I am concerned about spills and general muck on the alcantara seats. I've got two kids so I'd like to be able to get marks off if needed and possibly some water protection in case of spilt drinks.

Has anyone tried 



 or http://gtechniq.com/shop/3s-for-cars/interior-coatings/i1-smart-fabric/ for this? Or am I looking at the wrong things?


----------



## StamGreek (Oct 11, 2012)

I didn't use the products you mention so I can't have opinion..the products I use is the Colourlock alcantara cleaner and brush..The brush is only needed for tougher stains..In all the other cases you just spray the cleaner and wipe it off with a mf


----------



## Envy Car Care (Aug 17, 2006)

Car Skin do a good Alcantara kit which we sell. Had good reports on it.
-Kev- the moderator on DW has it too.
Best wishes
Tim


----------



## Mardave Mad (Jan 5, 2009)

Thanks for the replies. Guess I'm looking at a cleaner and separate protection?


----------



## Puntoboy (Jun 30, 2007)

I use Gtechniq I1 on my alcantara interior.


----------



## Khanage (Jan 8, 2012)

Envy Valeting said:


> Car Skin do a good Alcantara kit which we sell. Had good reports on it.
> -Kev- the moderator on DW has it too.
> Best wishes
> Tim


http://www.envybrushes.co.uk/products_info.asp?id=335
Does this come with some sort of applicator? I need to get round to doing my steering wheel, handbrake and gear stick.
The alcantara is just flat and smooth now and would like to bring that fluffiness back lol


----------



## RaceGlazer (Jan 10, 2007)

All you need is a supply of clean MF cloths, as you dont want to rub the dirt back in, and I suggest you drape one behind the steering wheel so you dont spray onto the dash.

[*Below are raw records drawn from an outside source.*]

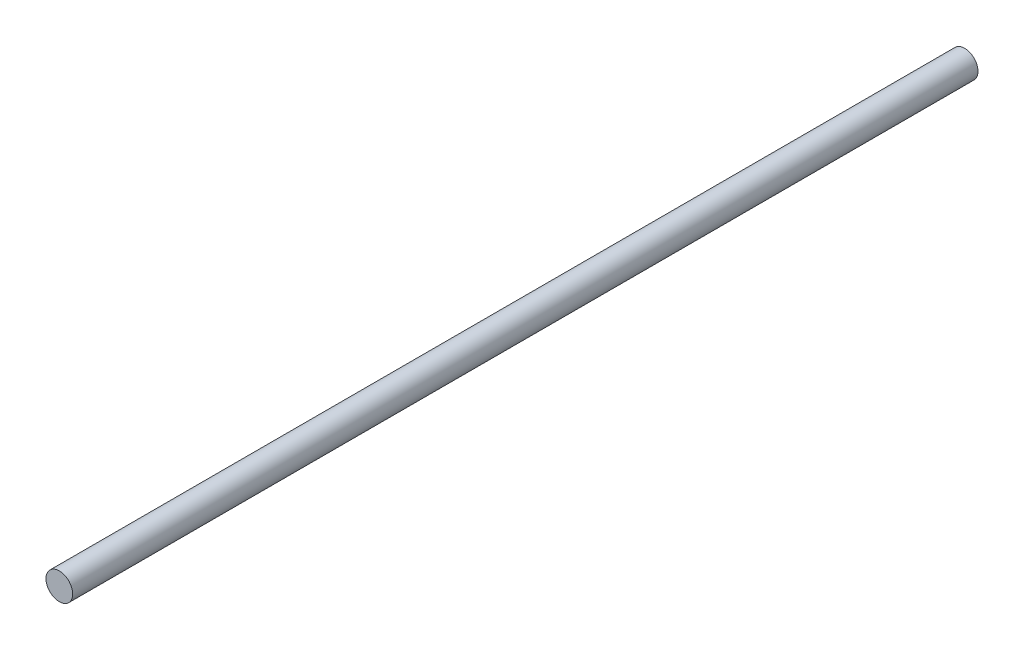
ISO-10303-21;
HEADER;
FILE_DESCRIPTION(('STEP AP214'),'2;1');
FILE_NAME('part.step','',(''),(''),'','','');
FILE_SCHEMA(('AUTOMOTIVE_DESIGN { 1 0 10303 214 1 1 1 1 }'));
ENDSEC;
DATA;
#1=APPLICATION_CONTEXT('core data for automotive mechanical design processes');
#2=APPLICATION_PROTOCOL_DEFINITION('international standard','automotive_design',2000,#1);
#3=PRODUCT_CONTEXT('',#1,'mechanical');
#4=PRODUCT('Part','Part','',(#3));
#5=PRODUCT_RELATED_PRODUCT_CATEGORY('part','',(#4));
#6=PRODUCT_DEFINITION_FORMATION('','',#4);
#7=PRODUCT_DEFINITION_CONTEXT('part definition',#1,'design');
#8=PRODUCT_DEFINITION('design','',#6,#7);
#9=PRODUCT_DEFINITION_SHAPE('','',#8);
#10=(LENGTH_UNIT() NAMED_UNIT(*) SI_UNIT(.MILLI.,.METRE.));
#11=(NAMED_UNIT(*) PLANE_ANGLE_UNIT() SI_UNIT($,.RADIAN.));
#12=(NAMED_UNIT(*) SI_UNIT($,.STERADIAN.) SOLID_ANGLE_UNIT());
#13=UNCERTAINTY_MEASURE_WITH_UNIT(LENGTH_MEASURE(1.E-05),#10,'distance_accuracy_value','');
#14=(GEOMETRIC_REPRESENTATION_CONTEXT(3) GLOBAL_UNCERTAINTY_ASSIGNED_CONTEXT((#13)) GLOBAL_UNIT_ASSIGNED_CONTEXT((#10,
#11,#12)) REPRESENTATION_CONTEXT('',''));
#15=CARTESIAN_POINT('',(0.,0.,0.));
#16=DIRECTION('',(0.,0.,1.));
#17=DIRECTION('',(1.,0.,0.));
#18=AXIS2_PLACEMENT_3D('',#15,#16,#17);
#19=CARTESIAN_POINT('',(0.,0.,-196.));
#20=DIRECTION('',(0.,0.,1.));
#21=DIRECTION('',(1.,0.,0.));
#22=AXIS2_PLACEMENT_3D('',#19,#20,#21);
#23=CYLINDRICAL_SURFACE('',#22,2.95);
#24=CARTESIAN_POINT('',(0.,0.,-196.));
#25=DIRECTION('',(0.,0.,1.));
#26=DIRECTION('',(1.,0.,0.));
#27=AXIS2_PLACEMENT_3D('',#24,#25,#26);
#28=CIRCLE('',#27,2.95);
#29=CARTESIAN_POINT('',(2.95,0.,-196.));
#30=VERTEX_POINT('',#29);
#31=EDGE_CURVE('E10',#30,#30,#28,.T.);
#32=ORIENTED_EDGE('',*,*,#31,.T.);
#33=EDGE_LOOP('',(#32));
#34=FACE_BOUND('',#33,.T.);
#35=CARTESIAN_POINT('',(0.,0.,4.));
#36=DIRECTION('',(0.,0.,1.));
#37=DIRECTION('',(1.,0.,0.));
#38=AXIS2_PLACEMENT_3D('',#35,#36,#37);
#39=CIRCLE('',#38,2.95);
#40=CARTESIAN_POINT('',(2.95,0.,4.));
#41=VERTEX_POINT('',#40);
#42=EDGE_CURVE('E45',#41,#41,#39,.T.);
#43=ORIENTED_EDGE('',*,*,#42,.F.);
#44=EDGE_LOOP('',(#43));
#45=FACE_BOUND('',#44,.T.);
#46=ADVANCED_FACE('F39',(#34,#45),#23,.T.);
#47=CARTESIAN_POINT('',(0.,0.,-196.));
#48=DIRECTION('',(0.,0.,1.));
#49=DIRECTION('',(1.,0.,0.));
#50=AXIS2_PLACEMENT_3D('',#47,#48,#49);
#51=PLANE('',#50);
#52=ORIENTED_EDGE('',*,*,#31,.F.);
#53=EDGE_LOOP('',(#52));
#54=FACE_BOUND('',#53,.T.);
#55=ADVANCED_FACE('F54',(#54),#51,.F.);
#56=CARTESIAN_POINT('',(0.,0.,4.));
#57=DIRECTION('',(0.,0.,1.));
#58=DIRECTION('',(1.,0.,0.));
#59=AXIS2_PLACEMENT_3D('',#56,#57,#58);
#60=PLANE('',#59);
#61=ORIENTED_EDGE('',*,*,#42,.T.);
#62=EDGE_LOOP('',(#61));
#63=FACE_BOUND('',#62,.T.);
#64=ADVANCED_FACE('F51',(#63),#60,.T.);
#65=CLOSED_SHELL('',(#46,#55,#64));
#66=MANIFOLD_SOLID_BREP('B2',#65);
#67=ADVANCED_BREP_SHAPE_REPRESENTATION('',(#18,#66),#14);
#68=SHAPE_DEFINITION_REPRESENTATION(#9,#67);
ENDSEC;
END-ISO-10303-21;

These instructions of course apply to the RG Alcantara Cleaner (many users on here), probably a similar process to other products ?


----------



## Khanage (Jan 8, 2012)

RaceGlazer said:


> All you need is a supply of clean MF cloths, as you dont want to rub the dirt back in, and I suggest you drape one behind the steering wheel so you dont spray onto the dash.
> 
> These instructions of course apply to the RG Alcantara Cleaner (many users on here), probably a similar process to other products ?


Cheers, I was actually looking at the RG cleaner, saw some good reviews on it yesterday.


----------



## PS CUP (Aug 23, 2012)

I've had really good results with the Race Glaze cleaner!


----------



## suspal (Dec 29, 2011)

Had good results using RG Alcantara Cleaner.:thumb:


----------



## EliteCarCare (Aug 25, 2006)

For cleaning - Raceglaze Alcantara Cleaner, excellent product.

For Protection - Either Gtechniq I1 or CarPro Fabric and Leather Sealant.

Alex


----------



## Khanage (Jan 8, 2012)

That's me done then. RG and I1 to be ordered.
As I'm here, my wheel is part alcantara and leather and seems to be more shiny than textured and matt when first new. Any way to get this back to anywhere near "new" finish?


----------



## nickyd (Jan 16, 2014)

What are the standard Recaro seats in my 2011 EvoX covered with?
I'm hoping to apply a protective shield and wondered if I1 will work.
N.


----------



## Arvi (Apr 11, 2007)

For a new car with part alcantera seats is Car Pro still good to protect or have any other products come on to the market that are recommended?

http://www.carpro.uk.com/cquartz-fabric-coat-100ml/


----------



## fozzy (Oct 22, 2009)

Khanage said:


> That's me done then. RG and I1 to be ordered.
> As I'm here, my wheel is part alcantara and leather and seems to be more shiny than textured and matt when first new. Any way to get this back to anywhere near "new" finish?


Same combo I used on our 1 Series M sport interior, seems to be holding up to the grandaughter pretty well so far so would recommend :thumb:


----------